== RECORDS FOR THE EXERCISE ==

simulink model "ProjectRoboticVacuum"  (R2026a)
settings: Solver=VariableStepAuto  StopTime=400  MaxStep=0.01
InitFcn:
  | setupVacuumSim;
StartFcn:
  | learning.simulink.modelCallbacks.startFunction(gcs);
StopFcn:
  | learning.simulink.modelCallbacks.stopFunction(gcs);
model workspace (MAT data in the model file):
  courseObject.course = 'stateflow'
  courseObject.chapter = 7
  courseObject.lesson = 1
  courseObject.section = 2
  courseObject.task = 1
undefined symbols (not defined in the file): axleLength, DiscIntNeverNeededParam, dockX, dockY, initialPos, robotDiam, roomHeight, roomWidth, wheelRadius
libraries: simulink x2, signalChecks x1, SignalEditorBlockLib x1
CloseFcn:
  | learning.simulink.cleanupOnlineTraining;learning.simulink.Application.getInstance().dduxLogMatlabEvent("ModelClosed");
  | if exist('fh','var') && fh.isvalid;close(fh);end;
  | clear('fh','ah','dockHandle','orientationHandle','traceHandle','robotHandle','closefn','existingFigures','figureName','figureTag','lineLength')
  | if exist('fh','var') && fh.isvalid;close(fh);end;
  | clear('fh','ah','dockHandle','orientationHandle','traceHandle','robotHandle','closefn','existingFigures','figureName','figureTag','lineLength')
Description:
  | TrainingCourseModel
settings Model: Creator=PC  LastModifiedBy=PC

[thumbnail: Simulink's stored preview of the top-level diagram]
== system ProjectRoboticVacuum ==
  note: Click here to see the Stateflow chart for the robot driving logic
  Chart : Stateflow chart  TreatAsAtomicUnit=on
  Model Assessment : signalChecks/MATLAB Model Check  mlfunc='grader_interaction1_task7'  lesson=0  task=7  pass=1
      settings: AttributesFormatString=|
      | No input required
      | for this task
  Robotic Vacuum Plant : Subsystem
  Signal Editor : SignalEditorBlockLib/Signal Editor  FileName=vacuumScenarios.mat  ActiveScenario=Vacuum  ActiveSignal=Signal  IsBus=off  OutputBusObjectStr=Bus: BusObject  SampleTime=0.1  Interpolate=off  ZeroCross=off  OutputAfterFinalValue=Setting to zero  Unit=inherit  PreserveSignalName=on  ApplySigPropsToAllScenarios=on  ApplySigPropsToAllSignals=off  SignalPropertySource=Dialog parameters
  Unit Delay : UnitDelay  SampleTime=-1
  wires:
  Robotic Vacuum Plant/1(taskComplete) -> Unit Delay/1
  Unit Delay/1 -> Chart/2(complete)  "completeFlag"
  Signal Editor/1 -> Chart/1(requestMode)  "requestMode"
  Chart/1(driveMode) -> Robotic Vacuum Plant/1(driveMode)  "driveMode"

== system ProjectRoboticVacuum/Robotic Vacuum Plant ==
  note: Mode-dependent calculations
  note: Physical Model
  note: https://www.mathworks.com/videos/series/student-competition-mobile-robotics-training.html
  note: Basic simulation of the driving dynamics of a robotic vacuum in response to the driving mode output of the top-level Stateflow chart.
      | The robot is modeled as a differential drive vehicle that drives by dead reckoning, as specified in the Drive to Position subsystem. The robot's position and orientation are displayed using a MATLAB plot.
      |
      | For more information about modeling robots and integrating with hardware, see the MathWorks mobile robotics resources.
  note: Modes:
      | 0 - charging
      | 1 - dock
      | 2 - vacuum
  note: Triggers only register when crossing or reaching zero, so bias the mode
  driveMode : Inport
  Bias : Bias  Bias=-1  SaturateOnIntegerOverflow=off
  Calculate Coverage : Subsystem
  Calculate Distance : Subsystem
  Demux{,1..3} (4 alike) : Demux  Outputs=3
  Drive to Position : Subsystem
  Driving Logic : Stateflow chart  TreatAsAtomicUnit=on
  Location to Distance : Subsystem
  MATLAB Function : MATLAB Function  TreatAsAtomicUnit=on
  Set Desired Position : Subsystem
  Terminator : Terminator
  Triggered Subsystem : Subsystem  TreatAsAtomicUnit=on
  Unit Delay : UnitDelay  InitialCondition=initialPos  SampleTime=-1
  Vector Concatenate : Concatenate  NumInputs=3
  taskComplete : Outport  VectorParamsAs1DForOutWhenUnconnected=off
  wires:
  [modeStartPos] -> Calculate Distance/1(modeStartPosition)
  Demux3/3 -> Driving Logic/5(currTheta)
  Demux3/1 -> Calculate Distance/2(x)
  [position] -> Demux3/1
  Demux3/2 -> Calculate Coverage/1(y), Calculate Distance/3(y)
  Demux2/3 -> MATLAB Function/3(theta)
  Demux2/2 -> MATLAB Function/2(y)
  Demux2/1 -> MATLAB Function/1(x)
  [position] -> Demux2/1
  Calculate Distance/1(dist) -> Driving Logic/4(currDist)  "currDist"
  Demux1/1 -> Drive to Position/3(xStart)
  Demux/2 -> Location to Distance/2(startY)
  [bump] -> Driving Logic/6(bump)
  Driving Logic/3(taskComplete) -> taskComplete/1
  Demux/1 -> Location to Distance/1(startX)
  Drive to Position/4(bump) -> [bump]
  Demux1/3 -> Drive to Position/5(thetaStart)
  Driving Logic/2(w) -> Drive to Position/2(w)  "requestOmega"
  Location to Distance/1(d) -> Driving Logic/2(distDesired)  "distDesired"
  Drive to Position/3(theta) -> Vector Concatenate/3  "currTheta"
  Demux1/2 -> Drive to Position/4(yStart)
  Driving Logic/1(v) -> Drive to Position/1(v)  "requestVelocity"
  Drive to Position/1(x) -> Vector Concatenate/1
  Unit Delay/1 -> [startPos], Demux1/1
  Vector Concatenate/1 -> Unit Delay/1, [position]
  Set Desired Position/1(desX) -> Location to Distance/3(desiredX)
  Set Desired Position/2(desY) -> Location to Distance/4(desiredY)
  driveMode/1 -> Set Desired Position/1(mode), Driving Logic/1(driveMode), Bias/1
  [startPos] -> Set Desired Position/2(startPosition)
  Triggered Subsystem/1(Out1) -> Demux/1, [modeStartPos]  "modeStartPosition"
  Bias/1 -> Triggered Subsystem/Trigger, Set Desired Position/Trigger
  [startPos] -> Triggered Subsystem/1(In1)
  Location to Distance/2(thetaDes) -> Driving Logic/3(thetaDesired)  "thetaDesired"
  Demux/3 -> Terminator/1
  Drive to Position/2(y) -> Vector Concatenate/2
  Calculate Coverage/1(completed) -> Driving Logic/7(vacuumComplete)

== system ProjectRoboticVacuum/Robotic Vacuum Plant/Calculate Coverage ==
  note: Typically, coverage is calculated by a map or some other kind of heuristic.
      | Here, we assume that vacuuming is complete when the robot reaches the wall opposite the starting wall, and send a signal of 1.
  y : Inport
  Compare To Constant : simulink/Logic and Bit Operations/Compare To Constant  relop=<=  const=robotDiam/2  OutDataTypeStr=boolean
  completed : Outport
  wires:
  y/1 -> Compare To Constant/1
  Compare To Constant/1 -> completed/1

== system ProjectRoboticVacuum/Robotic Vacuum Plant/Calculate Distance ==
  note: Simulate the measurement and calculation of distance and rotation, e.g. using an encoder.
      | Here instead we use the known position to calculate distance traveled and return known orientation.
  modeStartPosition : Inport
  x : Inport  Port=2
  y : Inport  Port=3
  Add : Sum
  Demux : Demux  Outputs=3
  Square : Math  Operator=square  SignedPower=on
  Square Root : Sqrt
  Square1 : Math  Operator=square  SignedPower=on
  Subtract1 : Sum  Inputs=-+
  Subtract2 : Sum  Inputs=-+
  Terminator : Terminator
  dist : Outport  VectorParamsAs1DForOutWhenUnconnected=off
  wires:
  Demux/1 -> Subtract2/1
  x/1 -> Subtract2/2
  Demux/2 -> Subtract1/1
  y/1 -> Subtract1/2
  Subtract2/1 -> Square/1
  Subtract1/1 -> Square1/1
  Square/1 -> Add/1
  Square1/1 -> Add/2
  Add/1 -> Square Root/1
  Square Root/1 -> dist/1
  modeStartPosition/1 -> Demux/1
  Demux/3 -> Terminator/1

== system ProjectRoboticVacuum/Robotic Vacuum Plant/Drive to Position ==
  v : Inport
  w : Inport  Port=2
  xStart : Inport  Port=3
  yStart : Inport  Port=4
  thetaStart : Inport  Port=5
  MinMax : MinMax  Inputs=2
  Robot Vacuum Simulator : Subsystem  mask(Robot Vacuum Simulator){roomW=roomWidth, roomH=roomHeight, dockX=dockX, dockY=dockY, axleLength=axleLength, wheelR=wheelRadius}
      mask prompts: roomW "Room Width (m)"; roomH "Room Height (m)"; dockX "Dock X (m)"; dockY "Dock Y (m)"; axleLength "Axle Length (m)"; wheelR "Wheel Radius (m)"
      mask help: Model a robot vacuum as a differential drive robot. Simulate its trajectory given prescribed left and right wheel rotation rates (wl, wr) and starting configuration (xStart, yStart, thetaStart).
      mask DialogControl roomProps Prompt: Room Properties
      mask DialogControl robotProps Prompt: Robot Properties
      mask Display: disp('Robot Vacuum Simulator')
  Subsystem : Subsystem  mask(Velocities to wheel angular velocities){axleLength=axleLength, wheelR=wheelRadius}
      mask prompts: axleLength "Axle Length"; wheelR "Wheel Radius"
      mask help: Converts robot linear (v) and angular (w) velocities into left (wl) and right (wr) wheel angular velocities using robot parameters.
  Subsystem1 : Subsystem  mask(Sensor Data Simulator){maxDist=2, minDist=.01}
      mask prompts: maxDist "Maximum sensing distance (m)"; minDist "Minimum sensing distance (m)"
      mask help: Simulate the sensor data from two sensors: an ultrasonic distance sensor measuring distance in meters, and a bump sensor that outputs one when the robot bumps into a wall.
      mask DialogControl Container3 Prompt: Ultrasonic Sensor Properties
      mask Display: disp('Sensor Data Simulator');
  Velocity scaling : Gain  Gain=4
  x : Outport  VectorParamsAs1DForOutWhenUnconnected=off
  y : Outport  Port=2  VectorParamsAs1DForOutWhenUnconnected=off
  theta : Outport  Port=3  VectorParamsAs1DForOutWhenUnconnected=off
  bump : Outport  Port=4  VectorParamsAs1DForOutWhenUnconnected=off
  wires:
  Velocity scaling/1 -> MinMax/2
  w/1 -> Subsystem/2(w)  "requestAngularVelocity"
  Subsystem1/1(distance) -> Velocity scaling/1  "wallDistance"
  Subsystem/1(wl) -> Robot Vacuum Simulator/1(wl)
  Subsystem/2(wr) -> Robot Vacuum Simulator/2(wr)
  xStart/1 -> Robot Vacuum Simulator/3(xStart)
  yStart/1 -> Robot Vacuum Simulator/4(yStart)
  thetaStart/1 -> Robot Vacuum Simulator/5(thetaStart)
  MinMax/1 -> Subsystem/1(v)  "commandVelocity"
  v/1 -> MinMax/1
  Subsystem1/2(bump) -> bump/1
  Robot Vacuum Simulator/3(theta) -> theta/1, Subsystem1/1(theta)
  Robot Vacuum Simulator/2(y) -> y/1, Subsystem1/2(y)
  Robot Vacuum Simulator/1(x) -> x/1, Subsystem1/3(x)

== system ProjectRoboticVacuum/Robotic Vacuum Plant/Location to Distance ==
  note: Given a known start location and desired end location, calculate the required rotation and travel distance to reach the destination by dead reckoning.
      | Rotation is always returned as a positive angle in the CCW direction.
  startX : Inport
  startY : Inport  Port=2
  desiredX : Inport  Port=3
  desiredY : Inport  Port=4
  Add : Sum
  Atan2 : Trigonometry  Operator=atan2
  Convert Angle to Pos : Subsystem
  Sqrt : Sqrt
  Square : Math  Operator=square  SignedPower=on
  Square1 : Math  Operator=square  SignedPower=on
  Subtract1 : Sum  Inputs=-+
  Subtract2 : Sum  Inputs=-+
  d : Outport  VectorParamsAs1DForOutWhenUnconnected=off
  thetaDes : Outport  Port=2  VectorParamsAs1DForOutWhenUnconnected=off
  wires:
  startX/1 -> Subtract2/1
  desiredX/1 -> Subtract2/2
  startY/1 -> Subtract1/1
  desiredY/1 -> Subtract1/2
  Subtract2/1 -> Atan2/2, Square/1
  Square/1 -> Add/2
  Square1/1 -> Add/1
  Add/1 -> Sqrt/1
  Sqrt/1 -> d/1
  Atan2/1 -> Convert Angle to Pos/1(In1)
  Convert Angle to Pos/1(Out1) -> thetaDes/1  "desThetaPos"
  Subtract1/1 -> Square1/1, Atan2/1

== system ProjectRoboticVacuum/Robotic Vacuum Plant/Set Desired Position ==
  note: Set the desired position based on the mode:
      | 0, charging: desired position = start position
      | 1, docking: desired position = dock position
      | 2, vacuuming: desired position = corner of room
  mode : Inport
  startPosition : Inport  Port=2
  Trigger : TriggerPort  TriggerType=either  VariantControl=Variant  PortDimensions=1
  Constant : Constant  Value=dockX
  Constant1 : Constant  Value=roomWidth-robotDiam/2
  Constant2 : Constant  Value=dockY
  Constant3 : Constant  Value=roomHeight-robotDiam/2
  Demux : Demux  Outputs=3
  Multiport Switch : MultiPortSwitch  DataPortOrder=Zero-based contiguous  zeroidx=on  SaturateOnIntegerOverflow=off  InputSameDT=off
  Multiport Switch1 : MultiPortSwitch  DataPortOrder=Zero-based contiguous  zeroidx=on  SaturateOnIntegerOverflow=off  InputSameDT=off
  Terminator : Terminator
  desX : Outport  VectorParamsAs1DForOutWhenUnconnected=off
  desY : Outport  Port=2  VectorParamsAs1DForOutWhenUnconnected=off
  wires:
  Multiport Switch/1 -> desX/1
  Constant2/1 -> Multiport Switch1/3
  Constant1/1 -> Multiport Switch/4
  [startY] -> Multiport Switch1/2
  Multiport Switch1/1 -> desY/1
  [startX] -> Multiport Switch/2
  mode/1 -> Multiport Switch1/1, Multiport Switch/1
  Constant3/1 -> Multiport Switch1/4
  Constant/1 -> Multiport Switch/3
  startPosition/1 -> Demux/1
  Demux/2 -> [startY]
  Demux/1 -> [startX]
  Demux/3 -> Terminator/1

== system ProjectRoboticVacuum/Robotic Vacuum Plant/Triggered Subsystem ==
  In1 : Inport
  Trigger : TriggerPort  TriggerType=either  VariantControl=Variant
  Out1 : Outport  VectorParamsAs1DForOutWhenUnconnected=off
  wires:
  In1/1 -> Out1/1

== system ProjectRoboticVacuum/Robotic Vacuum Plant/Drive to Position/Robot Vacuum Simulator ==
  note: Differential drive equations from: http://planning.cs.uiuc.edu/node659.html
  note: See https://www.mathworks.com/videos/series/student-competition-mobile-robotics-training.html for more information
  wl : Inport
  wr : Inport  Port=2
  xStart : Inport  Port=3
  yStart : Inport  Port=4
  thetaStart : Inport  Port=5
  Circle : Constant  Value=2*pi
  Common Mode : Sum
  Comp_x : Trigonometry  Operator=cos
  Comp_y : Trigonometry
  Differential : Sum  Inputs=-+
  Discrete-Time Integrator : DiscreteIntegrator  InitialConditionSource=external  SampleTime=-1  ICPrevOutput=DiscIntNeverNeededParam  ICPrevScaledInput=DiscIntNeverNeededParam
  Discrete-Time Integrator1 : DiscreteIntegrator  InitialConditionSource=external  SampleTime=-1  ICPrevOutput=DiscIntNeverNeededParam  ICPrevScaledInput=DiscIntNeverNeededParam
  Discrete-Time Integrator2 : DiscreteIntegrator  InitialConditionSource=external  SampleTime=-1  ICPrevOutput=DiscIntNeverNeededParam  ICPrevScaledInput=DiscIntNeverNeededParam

===

**WORK REQUIRED**: Copy every line in the entries above that has the string "dockX" in it.

**SOLUTION TO THIS TASK**:
undefined symbols (not defined in the file): axleLength, DiscIntNeverNeededParam, dockX, dockY, initialPos, robotDiam, roomHeight, roomWidth, wheelRadius
  Robot Vacuum Simulator : Subsystem  mask(Robot Vacuum Simulator){roomW=roomWidth, roomH=roomHeight, dockX=dockX, dockY=dockY, axleLength=axleLength, wheelR=wheelRadius}
      mask prompts: roomW "Room Width (m)"; roomH "Room Height (m)"; dockX "Dock X (m)"; dockY "Dock Y (m)"; axleLength "Axle Length (m)"; wheelR "Wheel Radius (m)"
  Constant : Constant  Value=dockX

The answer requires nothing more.